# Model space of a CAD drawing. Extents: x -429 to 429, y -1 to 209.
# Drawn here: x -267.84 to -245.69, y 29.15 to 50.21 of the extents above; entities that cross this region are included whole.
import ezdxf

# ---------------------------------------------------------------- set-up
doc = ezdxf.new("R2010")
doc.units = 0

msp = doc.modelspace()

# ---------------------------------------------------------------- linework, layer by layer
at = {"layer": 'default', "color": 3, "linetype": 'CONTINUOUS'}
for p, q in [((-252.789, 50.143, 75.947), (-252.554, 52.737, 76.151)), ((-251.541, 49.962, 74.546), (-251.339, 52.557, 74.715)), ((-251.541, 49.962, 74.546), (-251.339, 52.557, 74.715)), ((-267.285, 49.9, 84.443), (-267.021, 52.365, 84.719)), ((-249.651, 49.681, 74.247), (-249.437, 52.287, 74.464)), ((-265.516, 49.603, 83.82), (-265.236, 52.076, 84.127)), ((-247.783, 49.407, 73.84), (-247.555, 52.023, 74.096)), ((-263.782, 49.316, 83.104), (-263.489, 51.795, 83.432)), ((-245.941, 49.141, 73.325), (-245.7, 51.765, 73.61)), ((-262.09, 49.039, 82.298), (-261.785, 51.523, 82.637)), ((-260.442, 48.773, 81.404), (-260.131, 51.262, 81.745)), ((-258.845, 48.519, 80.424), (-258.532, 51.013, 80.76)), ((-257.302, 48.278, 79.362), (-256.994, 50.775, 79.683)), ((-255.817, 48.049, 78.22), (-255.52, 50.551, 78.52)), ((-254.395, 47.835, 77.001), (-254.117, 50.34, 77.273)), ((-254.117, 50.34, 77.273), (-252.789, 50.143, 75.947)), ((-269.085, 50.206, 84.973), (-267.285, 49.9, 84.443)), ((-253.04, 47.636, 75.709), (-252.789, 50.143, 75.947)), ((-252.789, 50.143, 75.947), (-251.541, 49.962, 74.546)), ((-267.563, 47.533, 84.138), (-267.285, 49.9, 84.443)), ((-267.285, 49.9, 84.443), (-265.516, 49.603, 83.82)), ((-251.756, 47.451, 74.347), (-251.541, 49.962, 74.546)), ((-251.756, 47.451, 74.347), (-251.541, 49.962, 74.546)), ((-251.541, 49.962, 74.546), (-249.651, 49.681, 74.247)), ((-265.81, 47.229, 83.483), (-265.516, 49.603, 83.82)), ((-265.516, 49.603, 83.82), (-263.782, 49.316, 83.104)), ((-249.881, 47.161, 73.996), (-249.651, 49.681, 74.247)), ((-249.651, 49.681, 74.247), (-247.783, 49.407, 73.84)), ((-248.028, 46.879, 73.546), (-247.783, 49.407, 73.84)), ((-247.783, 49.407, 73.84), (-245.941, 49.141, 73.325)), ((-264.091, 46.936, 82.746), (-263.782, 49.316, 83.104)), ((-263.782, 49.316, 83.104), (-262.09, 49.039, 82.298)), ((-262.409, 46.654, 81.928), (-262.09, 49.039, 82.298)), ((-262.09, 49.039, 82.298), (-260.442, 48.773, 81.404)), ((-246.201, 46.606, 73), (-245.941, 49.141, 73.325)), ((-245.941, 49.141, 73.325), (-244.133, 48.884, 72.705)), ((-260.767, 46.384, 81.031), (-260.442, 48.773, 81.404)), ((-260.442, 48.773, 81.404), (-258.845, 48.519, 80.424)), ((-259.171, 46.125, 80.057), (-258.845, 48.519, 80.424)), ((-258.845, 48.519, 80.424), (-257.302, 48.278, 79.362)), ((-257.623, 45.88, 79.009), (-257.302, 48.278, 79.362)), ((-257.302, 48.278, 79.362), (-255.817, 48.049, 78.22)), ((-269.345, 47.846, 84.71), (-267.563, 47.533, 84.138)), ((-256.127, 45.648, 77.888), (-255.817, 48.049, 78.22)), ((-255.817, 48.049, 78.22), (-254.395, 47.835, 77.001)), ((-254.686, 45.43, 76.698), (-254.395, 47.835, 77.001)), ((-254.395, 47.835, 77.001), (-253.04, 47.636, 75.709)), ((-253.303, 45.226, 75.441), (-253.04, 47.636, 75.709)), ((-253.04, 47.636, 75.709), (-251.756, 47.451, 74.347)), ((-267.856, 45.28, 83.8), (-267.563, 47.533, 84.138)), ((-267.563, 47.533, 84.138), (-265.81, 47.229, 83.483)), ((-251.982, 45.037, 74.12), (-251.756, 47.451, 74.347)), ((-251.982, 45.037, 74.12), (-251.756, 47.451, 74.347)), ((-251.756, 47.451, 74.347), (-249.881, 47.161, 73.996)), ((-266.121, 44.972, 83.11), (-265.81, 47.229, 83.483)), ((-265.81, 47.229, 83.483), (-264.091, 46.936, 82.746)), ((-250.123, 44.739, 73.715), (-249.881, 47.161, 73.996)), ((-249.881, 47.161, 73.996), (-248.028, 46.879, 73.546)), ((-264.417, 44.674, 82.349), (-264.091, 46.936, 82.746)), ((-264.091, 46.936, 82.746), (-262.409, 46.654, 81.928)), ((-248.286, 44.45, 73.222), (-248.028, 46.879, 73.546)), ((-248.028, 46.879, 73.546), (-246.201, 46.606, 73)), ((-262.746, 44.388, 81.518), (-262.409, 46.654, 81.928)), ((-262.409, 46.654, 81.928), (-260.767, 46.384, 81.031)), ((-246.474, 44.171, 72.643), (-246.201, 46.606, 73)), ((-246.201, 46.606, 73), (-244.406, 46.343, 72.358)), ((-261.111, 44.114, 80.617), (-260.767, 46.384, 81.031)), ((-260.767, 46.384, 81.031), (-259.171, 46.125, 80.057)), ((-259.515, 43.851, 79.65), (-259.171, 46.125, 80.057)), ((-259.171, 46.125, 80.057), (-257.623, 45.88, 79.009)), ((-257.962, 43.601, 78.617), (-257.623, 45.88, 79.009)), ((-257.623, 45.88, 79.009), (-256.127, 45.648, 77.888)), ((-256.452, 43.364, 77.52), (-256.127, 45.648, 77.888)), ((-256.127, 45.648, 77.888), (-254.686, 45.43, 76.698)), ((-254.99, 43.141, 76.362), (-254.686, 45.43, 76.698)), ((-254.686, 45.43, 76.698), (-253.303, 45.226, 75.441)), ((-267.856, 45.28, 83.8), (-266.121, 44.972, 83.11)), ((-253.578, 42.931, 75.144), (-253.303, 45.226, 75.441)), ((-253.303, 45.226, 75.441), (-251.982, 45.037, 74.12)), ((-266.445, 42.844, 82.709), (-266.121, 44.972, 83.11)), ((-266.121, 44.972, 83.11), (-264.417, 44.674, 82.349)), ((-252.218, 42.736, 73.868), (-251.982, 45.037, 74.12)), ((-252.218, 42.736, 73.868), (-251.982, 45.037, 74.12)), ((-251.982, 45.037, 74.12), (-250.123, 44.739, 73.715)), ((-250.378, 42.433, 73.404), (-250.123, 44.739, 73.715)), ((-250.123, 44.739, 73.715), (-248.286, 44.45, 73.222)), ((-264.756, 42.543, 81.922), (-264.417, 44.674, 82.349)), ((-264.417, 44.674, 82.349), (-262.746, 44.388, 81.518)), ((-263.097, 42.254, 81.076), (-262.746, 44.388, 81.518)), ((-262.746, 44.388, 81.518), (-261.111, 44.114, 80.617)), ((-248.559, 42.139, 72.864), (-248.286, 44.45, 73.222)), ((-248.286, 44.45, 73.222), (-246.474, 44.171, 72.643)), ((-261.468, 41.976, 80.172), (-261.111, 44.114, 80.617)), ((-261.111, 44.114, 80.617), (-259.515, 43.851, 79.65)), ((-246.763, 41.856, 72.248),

++++

Write the records out again so that each one matches the original exactly.

# Model space of a CAD drawing. Extents: x -429 to 429, y -1 to 209.
# Drawn here: x -267.84 to -245.69, y 29.15 to 50.21 of the extents above; entities that cross this region are included whole.
import ezdxf

# ---------------------------------------------------------------- set-up
doc = ezdxf.new("R2010")
doc.units = 0

msp = doc.modelspace()

# ---------------------------------------------------------------- linework, layer by layer
at = {"layer": 'default', "color": 3, "linetype": 'CONTINUOUS'}
for p, q in [((-252.789, 50.143, 75.947), (-252.554, 52.737, 76.151)), ((-251.541, 49.962, 74.546), (-251.339, 52.557, 74.715)), ((-251.541, 49.962, 74.546), (-251.339, 52.557, 74.715)), ((-267.285, 49.9, 84.443), (-267.021, 52.365, 84.719)), ((-249.651, 49.681, 74.247), (-249.437, 52.287, 74.464)), ((-265.516, 49.603, 83.82), (-265.236, 52.076, 84.127)), ((-247.783, 49.407, 73.84), (-247.555, 52.023, 74.096)), ((-263.782, 49.316, 83.104), (-263.489, 51.795, 83.432)), ((-245.941, 49.141, 73.325), (-245.7, 51.765, 73.61)), ((-262.09, 49.039, 82.298), (-261.785, 51.523, 82.637)), ((-260.442, 48.773, 81.404), (-260.131, 51.262, 81.745)), ((-258.845, 48.519, 80.424), (-258.532, 51.013, 80.76)), ((-257.302, 48.278, 79.362), (-256.994, 50.775, 79.683)), ((-255.817, 48.049, 78.22), (-255.52, 50.551, 78.52)), ((-254.395, 47.835, 77.001), (-254.117, 50.34, 77.273)), ((-254.117, 50.34, 77.273), (-252.789, 50.143, 75.947)), ((-269.085, 50.206, 84.973), (-267.285, 49.9, 84.443)), ((-253.04, 47.636, 75.709), (-252.789, 50.143, 75.947)), ((-252.789, 50.143, 75.947), (-251.541, 49.962, 74.546)), ((-267.563, 47.533, 84.138), (-267.285, 49.9, 84.443)), ((-267.285, 49.9, 84.443), (-265.516, 49.603, 83.82)), ((-251.756, 47.451, 74.347), (-251.541, 49.962, 74.546)), ((-251.756, 47.451, 74.347), (-251.541, 49.962, 74.546)), ((-251.541, 49.962, 74.546), (-249.651, 49.681, 74.247)), ((-265.81, 47.229, 83.483), (-265.516, 49.603, 83.82)), ((-265.516, 49.603, 83.82), (-263.782, 49.316, 83.104)), ((-249.881, 47.161, 73.996), (-249.651, 49.681, 74.247)), ((-249.651, 49.681, 74.247), (-247.783, 49.407, 73.84)), ((-248.028, 46.879, 73.546), (-247.783, 49.407, 73.84)), ((-247.783, 49.407, 73.84), (-245.941, 49.141, 73.325)), ((-264.091, 46.936, 82.746), (-263.782, 49.316, 83.104)), ((-263.782, 49.316, 83.104), (-262.09, 49.039, 82.298)), ((-262.409, 46.654, 81.928), (-262.09, 49.039, 82.298)), ((-262.09, 49.039, 82.298), (-260.442, 48.773, 81.404)), ((-246.201, 46.606, 73), (-245.941, 49.141, 73.325)), ((-245.941, 49.141, 73.325), (-244.133, 48.884, 72.705)), ((-260.767, 46.384, 81.031), (-260.442, 48.773, 81.404)), ((-260.442, 48.773, 81.404), (-258.845, 48.519, 80.424)), ((-259.171, 46.125, 80.057), (-258.845, 48.519, 80.424)), ((-258.845, 48.519, 80.424), (-257.302, 48.278, 79.362)), ((-257.623, 45.88, 79.009), (-257.302, 48.278, 79.362)), ((-257.302, 48.278, 79.362), (-255.817, 48.049, 78.22)), ((-269.345, 47.846, 84.71), (-267.563, 47.533, 84.138)), ((-256.127, 45.648, 77.888), (-255.817, 48.049, 78.22)), ((-255.817, 48.049, 78.22), (-254.395, 47.835, 77.001)), ((-254.686, 45.43, 76.698), (-254.395, 47.835, 77.001)), ((-254.395, 47.835, 77.001), (-253.04, 47.636, 75.709)), ((-253.303, 45.226, 75.441), (-253.04, 47.636, 75.709)), ((-253.04, 47.636, 75.709), (-251.756, 47.451, 74.347)), ((-267.856, 45.28, 83.8), (-267.563, 47.533, 84.138)), ((-267.563, 47.533, 84.138), (-265.81, 47.229, 83.483)), ((-251.982, 45.037, 74.12), (-251.756, 47.451, 74.347)), ((-251.982, 45.037, 74.12), (-251.756, 47.451, 74.347)), ((-251.756, 47.451, 74.347), (-249.881, 47.161, 73.996)), ((-266.121, 44.972, 83.11), (-265.81, 47.229, 83.483)), ((-265.81, 47.229, 83.483), (-264.091, 46.936, 82.746)), ((-250.123, 44.739, 73.715), (-249.881, 47.161, 73.996)), ((-249.881, 47.161, 73.996), (-248.028, 46.879, 73.546)), ((-264.417, 44.674, 82.349), (-264.091, 46.936, 82.746)), ((-264.091, 46.936, 82.746), (-262.409, 46.654, 81.928)), ((-248.286, 44.45, 73.222), (-248.028, 46.879, 73.546)), ((-248.028, 46.879, 73.546), (-246.201, 46.606, 73)), ((-262.746, 44.388, 81.518), (-262.409, 46.654, 81.928)), ((-262.409, 46.654, 81.928), (-260.767, 46.384, 81.031)), ((-246.474, 44.171, 72.643), (-246.201, 46.606, 73)), ((-246.201, 46.606, 73), (-244.406, 46.343, 72.358)), ((-261.111, 44.114, 80.617), (-260.767, 46.384, 81.031)), ((-260.767, 46.384, 81.031), (-259.171, 46.125, 80.057)), ((-259.515, 43.851, 79.65), (-259.171, 46.125, 80.057)), ((-259.171, 46.125, 80.057), (-257.623, 45.88, 79.009)), ((-257.962, 43.601, 78.617), (-257.623, 45.88, 79.009)), ((-257.623, 45.88, 79.009), (-256.127, 45.648, 77.888)), ((-256.452, 43.364, 77.52), (-256.127, 45.648, 77.888)), ((-256.127, 45.648, 77.888), (-254.686, 45.43, 76.698)), ((-254.99, 43.141, 76.362), (-254.686, 45.43, 76.698)), ((-254.686, 45.43, 76.698), (-253.303, 45.226, 75.441)), ((-267.856, 45.28, 83.8), (-266.121, 44.972, 83.11)), ((-253.578, 42.931, 75.144), (-253.303, 45.226, 75.441)), ((-253.303, 45.226, 75.441), (-251.982, 45.037, 74.12)), ((-266.445, 42.844, 82.709), (-266.121, 44.972, 83.11)), ((-266.121, 44.972, 83.11), (-264.417, 44.674, 82.349)), ((-252.218, 42.736, 73.868), (-251.982, 45.037, 74.12)), ((-252.218, 42.736, 73.868), (-251.982, 45.037, 74.12)), ((-251.982, 45.037, 74.12), (-250.123, 44.739, 73.715)), ((-250.378, 42.433, 73.404), (-250.123, 44.739, 73.715)), ((-250.123, 44.739, 73.715), (-248.286, 44.45, 73.222)), ((-264.756, 42.543, 81.922), (-264.417, 44.674, 82.349)), ((-264.417, 44.674, 82.349), (-262.746, 44.388, 81.518)), ((-263.097, 42.254, 81.076), (-262.746, 44.388, 81.518)), ((-262.746, 44.388, 81.518), (-261.111, 44.114, 80.617)), ((-248.559, 42.139, 72.864), (-248.286, 44.45, 73.222)), ((-248.286, 44.45, 73.222), (-246.474, 44.171, 72.643)), ((-261.468, 41.976, 80.172), (-261.111, 44.114, 80.617)), ((-261.111, 44.114, 80.617), (-259.515, 43.851, 79.65)), ((-246.763, 41.856, 72.248),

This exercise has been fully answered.